ジュフレ近くの河口付近に奴隷貿易に使われたクンタ・キンテ島が、ユネスコ世界遺産として登録されている、内陸部にジャンジャンブレア島がある。
上流域の氾濫原に森林、サバンナが多く、オキシテナンテラ、アフリカオウギヤシなどが生えており、ライオン、チンパンジー、リカオン、レイヨウなどの哺乳類、カモ、トキ類、猛禽類、サイチョウ科などの鳥類およびニシキヘビなどの爬虫類、そして多くの種類の両生類と魚類が生息している。河口に近い下流部にはボタンマングローブ、アメリカヒルギ、ハリソンヒルギ、カズザキヒルギ、アフリカヒルギダマシ、ホワイトマングローブからなるマングローブ、塩性湿地と干潟が発達しており、川およびその周辺にはヨザキスイレン、ヒロハフサマメノキなどの植物が生え、アフリカマナティー、ヒョウ、ツメナシカワウソ、ニシアカコロブス(特に亜種のテンミックアカコロブス)などが生息している。
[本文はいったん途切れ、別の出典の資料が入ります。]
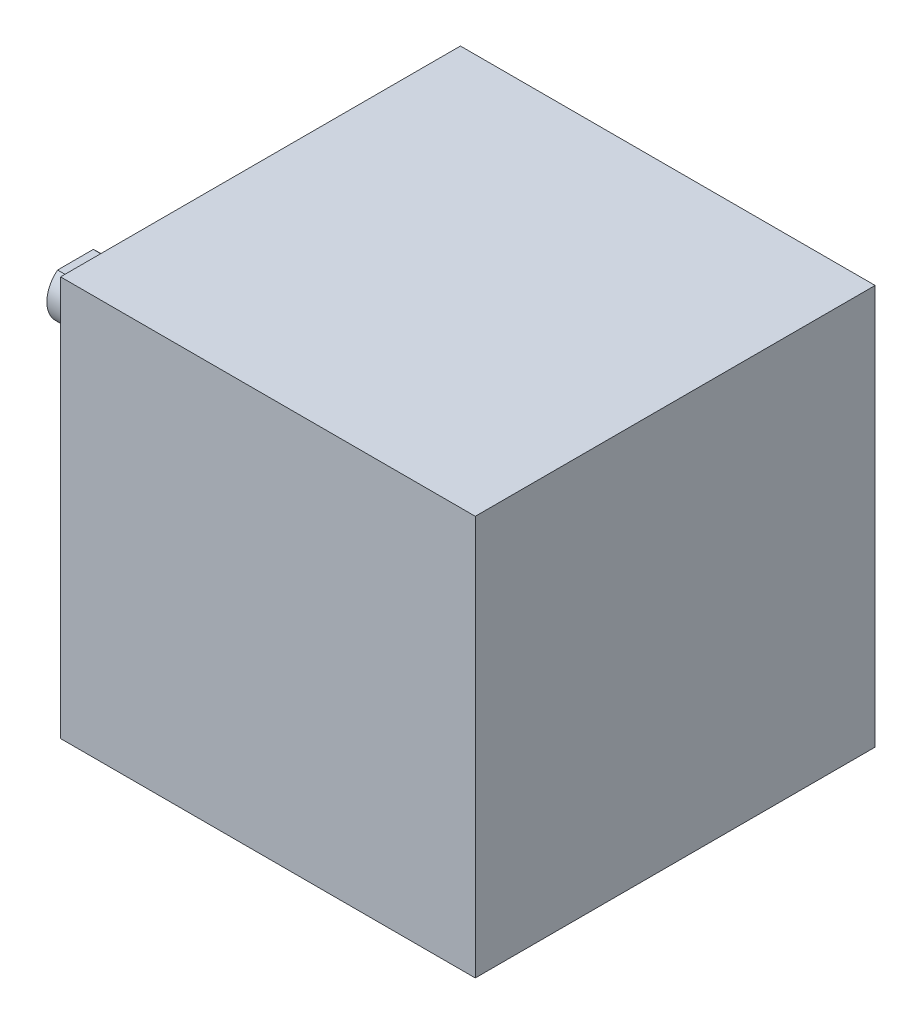
ISO-10303-21;
HEADER;
FILE_DESCRIPTION(('STEP AP214'),'2;1');
FILE_NAME('part.step','',(''),(''),'','','');
FILE_SCHEMA(('AUTOMOTIVE_DESIGN { 1 0 10303 214 1 1 1 1 }'));
ENDSEC;
DATA;
#1=APPLICATION_CONTEXT('core data for automotive mechanical design processes');
#2=APPLICATION_PROTOCOL_DEFINITION('international standard','automotive_design',2000,#1);
#3=PRODUCT_CONTEXT('',#1,'mechanical');
#4=PRODUCT('Part','Part','',(#3));
#5=PRODUCT_RELATED_PRODUCT_CATEGORY('part','',(#4));
#6=PRODUCT_DEFINITION_FORMATION('','',#4);
#7=PRODUCT_DEFINITION_CONTEXT('part definition',#1,'design');
#8=PRODUCT_DEFINITION('design','',#6,#7);
#9=PRODUCT_DEFINITION_SHAPE('','',#8);
#10=(LENGTH_UNIT() NAMED_UNIT(*) SI_UNIT(.MILLI.,.METRE.));
#11=(NAMED_UNIT(*) PLANE_ANGLE_UNIT() SI_UNIT($,.RADIAN.));
#12=(NAMED_UNIT(*) SI_UNIT($,.STERADIAN.) SOLID_ANGLE_UNIT());
#13=UNCERTAINTY_MEASURE_WITH_UNIT(LENGTH_MEASURE(1.E-05),#10,'distance_accuracy_value','');
#14=(GEOMETRIC_REPRESENTATION_CONTEXT(3) GLOBAL_UNCERTAINTY_ASSIGNED_CONTEXT((#13)) GLOBAL_UNIT_ASSIGNED_CONTEXT((#10,
#11,#12)) REPRESENTATION_CONTEXT('',''));
#15=CARTESIAN_POINT('',(0.,0.,0.));
#16=DIRECTION('',(0.,0.,1.));
#17=DIRECTION('',(1.,0.,0.));
#18=AXIS2_PLACEMENT_3D('',#15,#16,#17);
#19=CARTESIAN_POINT('',(-2.,-17.5,17.5));
#20=DIRECTION('',(-1.,0.,0.));
#21=DIRECTION('',(0.,0.,1.));
#22=AXIS2_PLACEMENT_3D('',#19,#20,#21);
#23=PLANE('',#22);
#24=CARTESIAN_POINT('',(-2.,-17.5,17.5));
#25=DIRECTION('',(-1.,0.,0.));
#26=DIRECTION('',(0.,0.,1.));
#27=AXIS2_PLACEMENT_3D('',#24,#25,#26);
#28=CIRCLE('',#27,11.);
#29=CARTESIAN_POINT('',(-2.,-17.5,28.5));
#30=VERTEX_POINT('',#29);
#31=EDGE_CURVE('E109',#30,#30,#28,.T.);
#32=ORIENTED_EDGE('',*,*,#31,.T.);
#33=EDGE_LOOP('',(#32));
#34=FACE_BOUND('',#33,.T.);
#35=DIRECTION('',(0.,0.,-1.));
#36=VECTOR('',#35,1.);
#37=CARTESIAN_POINT('',(-2.,-15.55,17.5));
#38=LINE('',#37,#36);
#39=CARTESIAN_POINT('',(-2.,-15.55,19.0644487847162));
#40=VERTEX_POINT('',#39);
#41=CARTESIAN_POINT('',(-2.,-15.55,15.9355512152838));
#42=VERTEX_POINT('',#41);
#43=EDGE_CURVE('E102',#40,#42,#38,.T.);
#44=ORIENTED_EDGE('',*,*,#43,.F.);
#45=CARTESIAN_POINT('',(-2.,-17.5,17.5));
#46=DIRECTION('',(-1.,0.,0.));
#47=DIRECTION('',(0.,0.,1.));
#48=AXIS2_PLACEMENT_3D('',#45,#46,#47);
#49=CIRCLE('',#48,2.5);
#50=EDGE_CURVE('E245',#42,#40,#49,.T.);
#51=ORIENTED_EDGE('',*,*,#50,.F.);
#52=EDGE_LOOP('',(#44,#51));
#53=FACE_BOUND('',#52,.T.);
#54=ADVANCED_FACE('F30',(#34,#53),#23,.T.);
#55=CARTESIAN_POINT('',(0.,-35.,0.));
#56=DIRECTION('',(-1.,0.,0.));
#57=DIRECTION('',(0.,0.,1.));
#58=AXIS2_PLACEMENT_3D('',#55,#56,#57);
#59=PLANE('',#58);
#60=DIRECTION('',(0.,1.,0.));
#61=VECTOR('',#60,1.);
#62=CARTESIAN_POINT('',(0.,0.,0.));
#63=LINE('',#62,#61);
#64=CARTESIAN_POINT('',(0.,-35.,0.));
#65=VERTEX_POINT('',#64);
#66=CARTESIAN_POINT('',(0.,0.,0.));
#67=VERTEX_POINT('',#66);
#68=EDGE_CURVE('E115',#65,#67,#63,.T.);
#69=ORIENTED_EDGE('',*,*,#68,.F.);
#70=DIRECTION('',(0.,0.,-1.));
#71=VECTOR('',#70,1.);
#72=CARTESIAN_POINT('',(0.,-35.,0.));
#73=LINE('',#72,#71);
#74=CARTESIAN_POINT('',(0.,-35.,35.));
#75=VERTEX_POINT('',#74);
#76=EDGE_CURVE('E75',#75,#65,#73,.T.);
#77=ORIENTED_EDGE('',*,*,#76,.F.);
#78=DIRECTION('',(0.,-1.,0.));
#79=VECTOR('',#78,1.);
#80=CARTESIAN_POINT('',(0.,0.,35.));
#81=LINE('',#80,#79);
#82=CARTESIAN_POINT('',(0.,0.,35.));
#83=VERTEX_POINT('',#82);
#84=EDGE_CURVE('E128',#83,#75,#81,.T.);
#85=ORIENTED_EDGE('',*,*,#84,.F.);
#86=DIRECTION('',(0.,0.,1.));
#87=VECTOR('',#86,1.);
#88=CARTESIAN_POINT('',(0.,0.,0.));
#89=LINE('',#88,#87);
#90=EDGE_CURVE('E126',#67,#83,#89,.T.);
#91=ORIENTED_EDGE('',*,*,#90,.F.);
#92=EDGE_LOOP('',(#69,#77,#85,#91));
#93=FACE_BOUND('',#92,.T.);
#94=CARTESIAN_POINT('',(0.,-17.5,17.5));
#95=DIRECTION('',(-1.,0.,0.));
#96=DIRECTION('',(0.,0.,1.));
#97=AXIS2_PLACEMENT_3D('',#94,#95,#96);
#98=CIRCLE('',#97,11.);
#99=CARTESIAN_POINT('',(0.,-17.5,28.5));
#100=VERTEX_POINT('',#99);
#101=EDGE_CURVE('E106',#100,#100,#98,.T.);
#102=ORIENTED_EDGE('',*,*,#101,.F.);
#103=EDGE_LOOP('',(#102));
#104=FACE_BOUND('',#103,.T.);
#105=ADVANCED_FACE('F141',(#93,#104),#59,.T.);
#106=CARTESIAN_POINT('',(36.3,0.,0.));
#107=DIRECTION('',(0.,0.,1.));
#108=DIRECTION('',(0.,-1.,0.));
#109=AXIS2_PLACEMENT_3D('',#106,#107,#108);
#110=PLANE('',#109);
#111=ORIENTED_EDGE('',*,*,#68,.T.);
#112=DIRECTION('',(-1.,0.,0.));
#113=VECTOR('',#112,1.);
#114=CARTESIAN_POINT('',(36.3,0.,0.));
#115=LINE('',#114,#113);
#116=CARTESIAN_POINT('',(36.3,0.,0.));
#117=VERTEX_POINT('',#116);
#118=EDGE_CURVE('E11',#117,#67,#115,.T.);
#119=ORIENTED_EDGE('',*,*,#118,.F.);
#120=DIRECTION('',(0.,1.,0.));
#121=VECTOR('',#120,1.);
#122=CARTESIAN_POINT('',(36.3,0.,0.));
#123=LINE('',#122,#121);
#124=CARTESIAN_POINT('',(36.3,-35.,0.));
#125=VERTEX_POINT('',#124);
#126=EDGE_CURVE('E117',#125,#117,#123,.T.);
#127=ORIENTED_EDGE('',*,*,#126,.F.);
#128=DIRECTION('',(-1.,0.,0.));
#129=VECTOR('',#128,1.);
#130=CARTESIAN_POINT('',(36.3,-35.,0.));
#131=LINE('',#130,#129);
#132=EDGE_CURVE('E123',#125,#65,#131,.T.);
#133=ORIENTED_EDGE('',*,*,#132,.T.);
#134=EDGE_LOOP('',(#111,#119,#127,#133));
#135=FACE_BOUND('',#134,.T.);
#136=ADVANCED_FACE('F32',(#135),#110,.F.);
#137=CARTESIAN_POINT('',(36.3,0.,0.));
#138=DIRECTION('',(0.,-1.,0.));
#139=DIRECTION('',(0.,0.,-1.));
#140=AXIS2_PLACEMENT_3D('',#137,#138,#139);
#141=PLANE('',#140);
#142=ORIENTED_EDGE('',*,*,#90,.T.);
#143=DIRECTION('',(-1.,0.,0.));
#144=VECTOR('',#143,1.);
#145=CARTESIAN_POINT('',(36.3,0.,35.));
#146=LINE('',#145,#144);
#147=CARTESIAN_POINT('',(36.3,0.,35.));
#148=VERTEX_POINT('',#147);
#149=EDGE_CURVE('E38',#148,#83,#146,.T.);
#150=ORIENTED_EDGE('',*,*,#149,.F.);
#151=DIRECTION('',(0.,0.,1.));
#152=VECTOR('',#151,1.);
#153=CARTESIAN_POINT('',(36.3,0.,0.));
#154=LINE('',#153,#152);
#155=EDGE_CURVE('E82',#117,#148,#154,.T.);
#156=ORIENTED_EDGE('',*,*,#155,.F.);
#157=ORIENTED_EDGE('',*,*,#118,.T.);
#158=EDGE_LOOP('',(#142,#150,#156,#157));
#159=FACE_BOUND('',#158,.T.);
#160=ADVANCED_FACE('F156',(#159),#141,.F.);
#161=CARTESIAN_POINT('',(36.3,0.,35.));
#162=DIRECTION('',(0.,0.,-1.));
#163=DIRECTION('',(-1.,0.,0.));
#164=AXIS2_PLACEMENT_3D('',#161,#162,#163);
#165=PLANE('',#164);
#166=ORIENTED_EDGE('',*,*,#84,.T.);
#167=DIRECTION('',(-1.,0.,0.));
#168=VECTOR('',#167,1.);
#169=CARTESIAN_POINT('',(36.3,-35.,35.));
#170=LINE('',#169,#168);
#171=CARTESIAN_POINT('',(36.3,-35.,35.));
#172=VERTEX_POINT('',#171);
#173=EDGE_CURVE('E132',#172,#75,#170,.T.);
#174=ORIENTED_EDGE('',*,*,#173,.F.);
#175=DIRECTION('',(0.,-1.,0.));
#176=VECTOR('',#175,1.);
#177=CARTESIAN_POINT('',(36.3,0.,35.));
#178=LINE('',#177,#176);
#179=EDGE_CURVE('E120',#148,#172,#178,.T.);
#180=ORIENTED_EDGE('',*,*,#179,.F.);
#181=ORIENTED_EDGE('',*,*,#149,.T.);
#182=EDGE_LOOP('',(#166,#174,#180,#181));
#183=FACE_BOUND('',#182,.T.);
#184=ADVANCED_FACE('F137',(#183),#165,.F.);
#185=CARTESIAN_POINT('',(36.3,-35.,0.));
#186=DIRECTION('',(0.,1.,0.));
#187=DIRECTION('',(0.,0.,1.));
#188=AXIS2_PLACEMENT_3D('',#185,#186,#187);
#189=PLANE('',#188);
#190=ORIENTED_EDGE('',*,*,#76,.T.);
#191=ORIENTED_EDGE('',*,*,#132,.F.);
#192=DIRECTION('',(0.,0.,-1.));
#193=VECTOR('',#192,1.);
#194=CARTESIAN_POINT('',(36.3,-35.,0.));
#195=LINE('',#194,#193);
#196=EDGE_CURVE('E54',#172,#125,#195,.T.);
#197=ORIENTED_EDGE('',*,*,#196,.F.);
#198=ORIENTED_EDGE('',*,*,#173,.T.);
#199=EDGE_LOOP('',(#190,#191,#197,#198));
#200=FACE_BOUND('',#199,.T.);
#201=ADVANCED_FACE('F146',(#200),#189,.F.);
#202=CARTESIAN_POINT('',(36.3,-35.,0.));
#203=DIRECTION('',(-1.,0.,0.));
#204=DIRECTION('',(0.,0.,1.));
#205=AXIS2_PLACEMENT_3D('',#202,#203,#204);
#206=PLANE('',#205);
#207=ORIENTED_EDGE('',*,*,#126,.T.);
#208=ORIENTED_EDGE('',*,*,#155,.T.);
#209=ORIENTED_EDGE('',*,*,#179,.T.);
#210=ORIENTED_EDGE('',*,*,#196,.T.);
#211=EDGE_LOOP('',(#207,#208,#209,#210));
#212=FACE_BOUND('',#211,.T.);
#213=ADVANCED_FACE('F148',(#212),#206,.F.);
#214=CARTESIAN_POINT('',(-2.,-17.5,17.5));
#215=DIRECTION('',(1.,0.,0.));
#216=DIRECTION('',(0.,0.,-1.));
#217=AXIS2_PLACEMENT_3D('',#214,#215,#216);
#218=CYLINDRICAL_SURFACE('',#217,11.);
#219=ORIENTED_EDGE('',*,*,#31,.F.);
#220=EDGE_LOOP('',(#219));
#221=FACE_BOUND('',#220,.T.);
#222=ORIENTED_EDGE('',*,*,#101,.T.);
#223=EDGE_LOOP('',(#222));
#224=FACE_BOUND('',#223,.T.);
#225=ADVANCED_FACE('F154',(#221,#224),#218,.T.);
#226=CARTESIAN_POINT('',(-16.2,-17.5,17.5));
#227=DIRECTION('',(1.,0.,0.));
#228=DIRECTION('',(0.,0.,-1.));
#229=AXIS2_PLACEMENT_3D('',#226,#227,#228);
#230=CYLINDRICAL_SURFACE('',#229,2.5);
#231=ORIENTED_EDGE('',*,*,#50,.T.);
#232=DIRECTION('',(1.,0.,0.));
#233=VECTOR('',#232,1.);
#234=CARTESIAN_POINT('',(-16.2,-15.55,19.0644487847162));
#235=LINE('',#234,#233);
#236=CARTESIAN_POINT('',(-16.2,-15.55,19.0644487847162));
#237=VERTEX_POINT('',#236);
#238=EDGE_CURVE('E45',#237,#40,#235,.T.);
#239=ORIENTED_EDGE('',*,*,#238,.F.);
#240=CARTESIAN_POINT('',(-16.2,-17.5,17.5));
#241=DIRECTION('',(-1.,0.,0.));
#242=DIRECTION('',(0.,0.,1.));
#243=AXIS2_PLACEMENT_3D('',#240,#241,#242);
#244=CIRCLE('',#243,2.5);
#245=CARTESIAN_POINT('',(-16.2,-15.55,15.9355512152838));
#246=VERTEX_POINT('',#245);
#247=EDGE_CURVE('E92',#246,#237,#244,.T.);
#248=ORIENTED_EDGE('',*,*,#247,.F.);
#249=DIRECTION('',(1.,0.,0.));
#250=VECTOR('',#249,1.);
#251=CARTESIAN_POINT('',(-16.2,-15.55,15.9355512152838));
#252=LINE('',#251,#250);
#253=EDGE_CURVE('E96',#246,#42,#252,.T.);
#254=ORIENTED_EDGE('',*,*,#253,.T.);
#255=EDGE_LOOP('',(#231,#239,#248,#254));
#256=FACE_BOUND('',#255,.T.);
#257=ADVANCED_FACE('F94',(#256),#230,.T.);
#258=CARTESIAN_POINT('',(-16.2,-15.55,17.5));
#259=DIRECTION('',(0.,-1.,0.));
#260=DIRECTION('',(0.,0.,-1.));
#261=AXIS2_PLACEMENT_3D('',#258,#259,#260);
#262=PLANE('',#261);
#263=ORIENTED_EDGE('',*,*,#43,.T.);
#264=ORIENTED_EDGE('',*,*,#253,.F.);
#265=DIRECTION('',(0.,0.,-1.));
#266=VECTOR('',#265,1.);
#267=CARTESIAN_POINT('',(-16.2,-15.55,17.5));
#268=LINE('',#267,#266);
#269=EDGE_CURVE('E99',#237,#246,#268,.T.);
#270=ORIENTED_EDGE('',*,*,#269,.F.);
#271=ORIENTED_EDGE('',*,*,#238,.T.);
#272=EDGE_LOOP('',(#263,#264,#270,#271));
#273=FACE_BOUND('',#272,.T.);
#274=ADVANCED_FACE('F104',(#273),#262,.F.);
#275=CARTESIAN_POINT('',(-16.2,-17.5,17.5));
#276=DIRECTION('',(-1.,0.,0.));
#277=DIRECTION('',(0.,0.,1.));
#278=AXIS2_PLACEMENT_3D('',#275,#276,#277);
#279=PLANE('',#278);
#280=ORIENTED_EDGE('',*,*,#269,.T.);
#281=ORIENTED_EDGE('',*,*,#247,.T.);
#282=EDGE_LOOP('',(#280,#281));
#283=FACE_BOUND('',#282,.T.);
#284=ADVANCED_FACE('F101',(#283),#279,.T.);
#285=CLOSED_SHELL('',(#54,#105,#136,#160,#184,#201,#213,#225,#257,#274,#284));
#286=MANIFOLD_SOLID_BREP('B2',#285);
#287=ADVANCED_BREP_SHAPE_REPRESENTATION('',(#18,#286),#14);
#288=SHAPE_DEFINITION_REPRESENTATION(#9,#287);
ENDSEC;
END-ISO-10303-21;

ギニアの水源地付近[1]およびクルントゥ川の水源地付近を含むバディアル国立公園一帯[2]、そして下流部のガンビア中西部にあるボロンの多いバオ・ボロン湿地保護区[3]、河口南側のバンジュール西部のタンビ湿地複合体[4]および河口北側のニウミ国立公園[5]はラムサール条約登録地である。なお、ニウミ国立公園はサルーム川河口のサルーム・デルタのすぐ南側に隣接している[5]。
ガンビア川の運んでくる砂はガンビアの重要な輸出品であるが、砂の過剰採掘により河床が下がってきている。そのため満潮時に海水が逆流して農耕地に流れ込むようになっている[6]。